EXERCISE. Where in the records does the word "units" appear? Copy each line that holds it.
^^^^^^^^
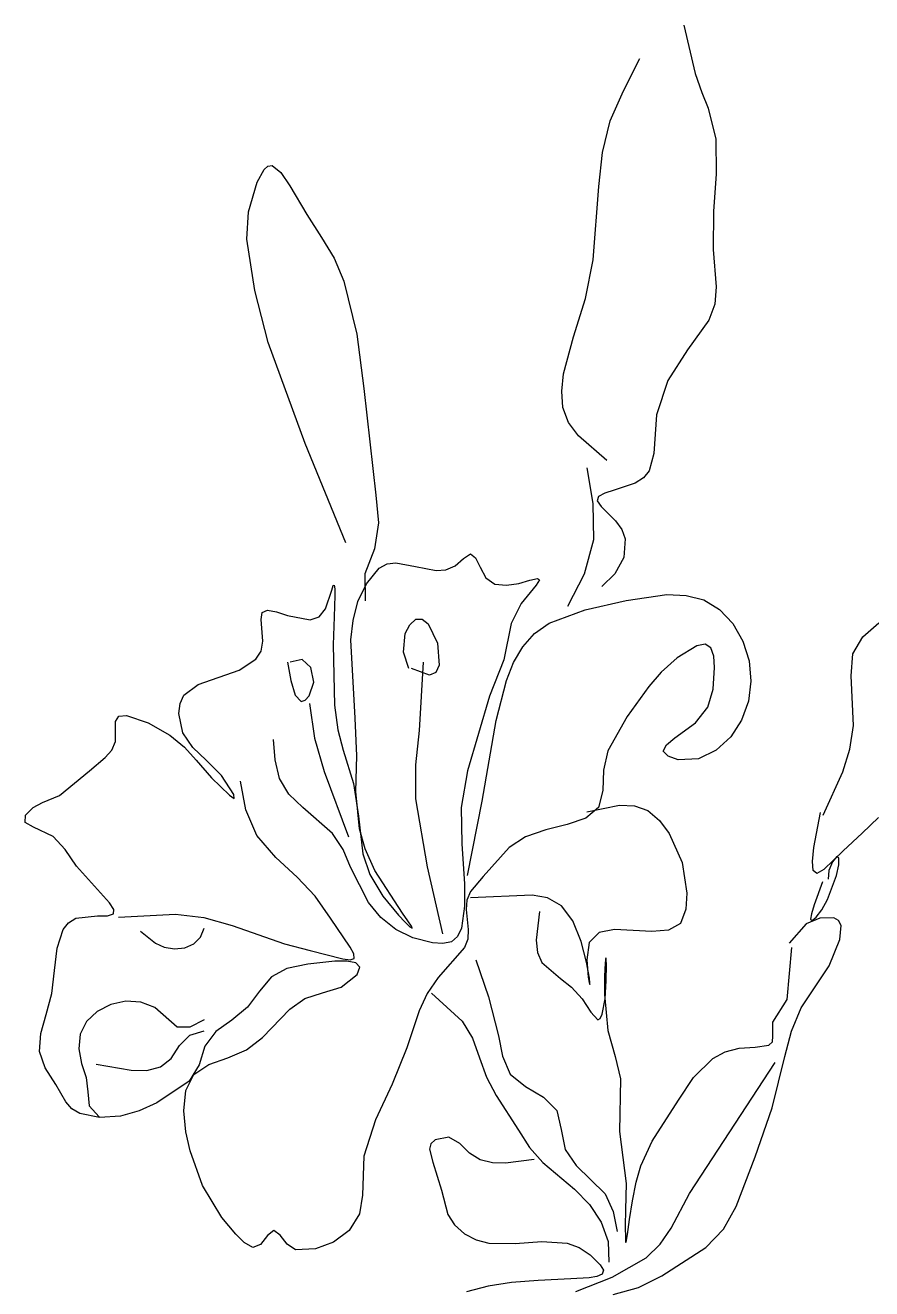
# Model space of a CAD drawing. Header units: millimetres. Extents: x 12377 to 30673, y 89761 to 101952.
# Drawn here: x 26892.6 to 27005.2, y 96754.5 to 96922.3 of the extents above; entities that cross this region are included whole.
import ezdxf

# ---------------------------------------------------------------- set-up
doc = ezdxf.new("R2010")
doc.units = ezdxf.units.MM

# ---------------------------------------------------------------- blocks, each defined once
blk = doc.blocks.new('A$C2176212A')
at = {"extrusion": (0, 0, -1)}
for p, q in [((180.15, 702.98), (181.65, 696.58)), ((172.14, 694.29), (174.31, 698.57)), ((181.65, 696.58), (182.55, 694.07)), ((170.39, 690.29), (172.14, 694.29)), ((182.55, 694.07), (183.41, 691.97)), ((183.41, 691.97), (184.44, 687.86)), ((169.34, 686.1), (170.39, 690.29)), ((184.44, 687.86), (184.45, 683.23)), ((168.86, 681.58), (169.34, 686.1)), ((123.43, 682.15), (124.36, 683.84)), ((124.36, 683.84), (124.88, 684.28)), ((124.88, 684.28), (125.43, 684.33)), ((125.43, 684.33), (126.59, 683.41)), ((126.59, 683.41), (127.77, 681.64)), ((122.31, 678.19), (123.43, 682.15)), ((127.77, 681.64), (130.04, 677.83)), ((168.13, 671.81), (168.86, 681.58)), ((184.45, 683.23), (184.1, 678.26)), ((184.1, 678.26), (184.06, 673.18)), ((122.08, 674.57), (122.31, 678.19)), ((130.04, 677.83), (132.02, 674.8)), ((123.15, 667.76), (122.08, 674.57)), ((132.02, 674.8), (133.68, 672.04)), ((184.06, 673.18), (184.46, 668.23)), ((133.68, 672.04), (134.98, 668.98)), ((167.11, 666.7), (168.13, 671.81)), ((134.98, 668.98), (136.68, 661.94)), ((184.46, 668.23), (184.28, 665.93)), ((124.89, 660.83), (123.15, 667.76)), ((165.52, 661.57), (167.11, 666.7)), ((184.28, 665.93), (183.5, 663.79)), ((183.5, 663.79), (180.65, 659.86)), ((136.68, 661.94), (137.64, 654.7)), ((164.19, 656.66), (165.52, 661.57)), ((129.81, 647.42), (124.89, 660.83)), ((180.65, 659.86), (178.03, 655.8)), ((163.93, 654.35), (164.19, 656.66)), ((178.03, 655.8), (176.53, 651.23)), ((137.64, 654.7), (139.21, 640.53)), ((164.1, 652.19), (163.93, 654.35)), ((164.82, 650.21), (164.1, 652.19)), ((166.15, 648.41), (164.82, 650.21)), ((176.53, 651.23), (176.18, 646.09)), ((169.92, 645.14), (166.15, 648.41)), ((135.25, 634.22), (129.81, 647.42)), ((176.18, 646.09), (175.54, 643.79)), ((167.26, 644.18), (168.08, 639.45)), ((175.54, 643.79), (174.8, 642.87)), ((173.7, 642.16), (170.9, 641.21)), ((174.8, 642.87), (173.7, 642.16)), ((139.21, 640.53), (139.56, 636.89)), ((168.84, 640.36), (168.66, 639.79)), ((168.66, 639.79), (169.17, 639.05)), ((169.66, 640.81), (168.84, 640.36)), ((170.9, 641.21), (169.66, 640.81)), ((168.08, 639.45), (168.17, 634.63)), ((169.17, 639.05), (171.1, 637.12)), ((139.56, 636.89), (139.04, 633.41)), ((171.1, 637.12), (171.94, 635.98)), ((168.17, 634.63), (166.9, 630.07)), ((171.94, 635.98), (172.38, 634.76)), ((172.38, 634.76), (172.2, 632.27)), ((139.04, 633.41), (137.76, 630.09)), ((172.2, 632.27), (171, 630.1)), ((137.76, 630.09), (137.81, 626.51)), ((166.9, 630.07), (164.68, 625.75)), ((171, 630.1), (169.28, 628.43)), ((143.13, 622.18), (143.74, 623.34)), ((143.74, 623.34), (144.53, 624.07)), ((144.53, 624.07), (145.37, 624.09)), ((145.37, 624.09), (146.19, 623.44)), ((146.19, 623.44), (147.42, 620.9)), ((142.88, 619.71), (143.13, 622.18)), ((143.6, 617.5), (142.88, 619.71)), ((147.42, 620.9), (147.62, 617.98)), ((145.52, 618.38), (144.98, 609.27)), ((147.62, 617.98), (147.19, 616.99)), ((146.37, 616.65), (143.97, 617.5)), ((147.19, 616.99), (146.37, 616.65)), ((144.98, 609.27), (144.51, 604.72)), ((144.51, 604.72), (144.5, 600.18)), ((121.94, 598.76), (121.21, 602.54)), ((144.5, 600.18), (146.06, 591.16)), ((167.26, 598.49), (171.61, 599.34)), ((171.61, 599.34), (173.61, 599.28)), ((123.41, 595.32), (121.94, 598.76)), ((173.61, 599.28), (175.4, 598.64)), ((175.4, 598.64), (176.93, 597.34)), ((176.93, 597.34), (178.21, 595.61)), ((125.91, 592.4), (123.41, 595.32)), ((178.21, 595.61), (179.96, 591.74)), ((128.76, 589.8), (125.91, 592.4)), ((146.06, 591.16), (148.1, 582.27)), ((179.96, 591.74), (180.58, 587.68)), ((131.16, 587.25), (128.76, 589.8)), ((180.58, 587.68), (180.42, 585.53)), ((133.2, 584.33), (131.16, 587.25)), ((160.02, 587.4), (151.79, 587.06)), ((162.05, 587.04), (160.02, 587.4)), ((163.9, 586), (162.05, 587.04)), ((165.39, 583.97), (163.9, 586)), ((105, 584.48), (112.59, 584.86)), ((112.59, 584.86), (116.37, 584.42)), ((116.37, 584.42), (120.11, 583.39)), ((135.8, 580.5), (133.2, 584.33)), ((180.42, 585.53), (179.71, 583.65)), ((198.23, 584.36), (196.43, 583.61)), ((200.1, 584.39), (198.23, 584.36)), ((200.74, 584.02), (200.1, 584.39)), ((120.11, 583.39), (127.1, 580.95)), ((166.5, 581.25), (165.39, 583.97)), ((170.95, 582.83), (168.9, 582.42)), ((175.92, 582.58), (170.95, 582.83)), ((178.13, 582.74), (175.92, 582.58)), ((179.71, 583.65), (178.13, 582.74)), ((196.43, 583.61), (194.15, 581.04)), ((201.06, 583.36), (200.74, 584.02)), ((200.91, 581.51), (201.06, 583.36)), ((127.1, 580.95), (130.5, 580.06)), ((167.24, 578.5), (166.5, 581.25)), ((167.6, 581.11), (167.25, 578.8)), ((168.9, 582.42), (167.6, 581.11)), ((199.48, 578.01), (200.91, 581.51)), ((130.5, 580.06), (134.84, 578.95)), ((136.29, 579.6), (135.8, 580.5)), ((136.35, 579), (136.29, 579.6)), ((134.84, 578.95), (135.82, 578.81)), ((135.82, 578.81), (136.35, 579)), ((152.53, 578.83), (154.2, 573.91)), ((167.63, 576.37), (167.24, 578.5)), ((167.25, 578.8), (167.44, 576.51)), ((195.75, 572.42), (199.48, 578.01)), ((167.44, 576.51), (167.59, 575.78)), ((167.69, 575.75), (167.63, 576.37)), ((146.63, 574.4), (150.68, 570.66)), ((167.59, 575.78), (167.68, 575.52)), ((167.68, 575.52), (167.69, 575.75)), ((103.99, 572.87), (102.18, 571.96)), ((105.99, 573.3), (103.99, 572.87)), ((107.99, 573.18), (105.99, 573.3)), ((109.84, 572.46), (107.99, 573.18)), ((112.83, 569.85), (109.84, 572.46)), ((154.2, 573.91), (155.51, 568.7)), ((102.18, 571.96), (100.76, 570.63)), ((116.42, 570.85), (114.51, 569.88)), ((194.46, 569.33), (195.75, 572.42)), ((100.76, 570.63), (99.93, 568.94)), ((114.51, 569.88), (112.83, 569.85)), ((150.68, 570.66), (152.06, 568.38)), ((193.58, 565.95), (194.46, 569.33)), ((99.93, 568.94), (99.75, 567)), ((152.06, 568.38), (153.02, 565.81)), ((155.51, 568.7), (156.04, 565.99)), ((99.75, 567), (100.08, 565.02)), ((153.02, 565.81), (153.94, 563.21)), ((156.04, 565.99), (157.09, 563.63)), ((191.91, 559.13), (193.58, 565.95)), ((100.08, 565.02), (100.72, 563.17)), ((180.94, 547.77), (192.31, 565.19)), ((100.72, 563.17), (100.93, 561.27)), ((153.94, 563.21), (155.2, 560.8)), ((157.09, 563.63), (159.12, 561.96)), ((100.93, 561.27), (101.1, 559.42)), ((155.2, 560.8), (158.18, 556.18)), ((159.12, 561.96), (161.53, 560.57)), ((101.1, 559.42), (102.43, 557.95)), ((161.53, 560.57), (163.28, 558.79)), ((189.65, 552.62), (191.91, 559.13)), ((163.28, 558.79), (163.86, 556.25)), ((158.18, 556.18), (159.66, 553.87)), ((163.86, 556.25), (164.37, 553.61)), ((146.54, 554.37), (146.35, 553.67)), ((147.13, 554.91), (146.54, 554.37)), ((148.92, 555.23), (147.13, 554.91)), ((150.4, 554.4), (148.92, 555.23)), ((151.68, 553.13), (150.4, 554.4)), ((146.35, 553.67), (146.78, 551.92)), ((153.1, 552.24), (151.68, 553.13)), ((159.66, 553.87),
^^^^^^^^
SOLUTION.
# Model space of a CAD drawing. Header units: millimetres. Extents: x 12377 to 30673, y 89761 to 101952.
doc.units = ezdxf.units.MM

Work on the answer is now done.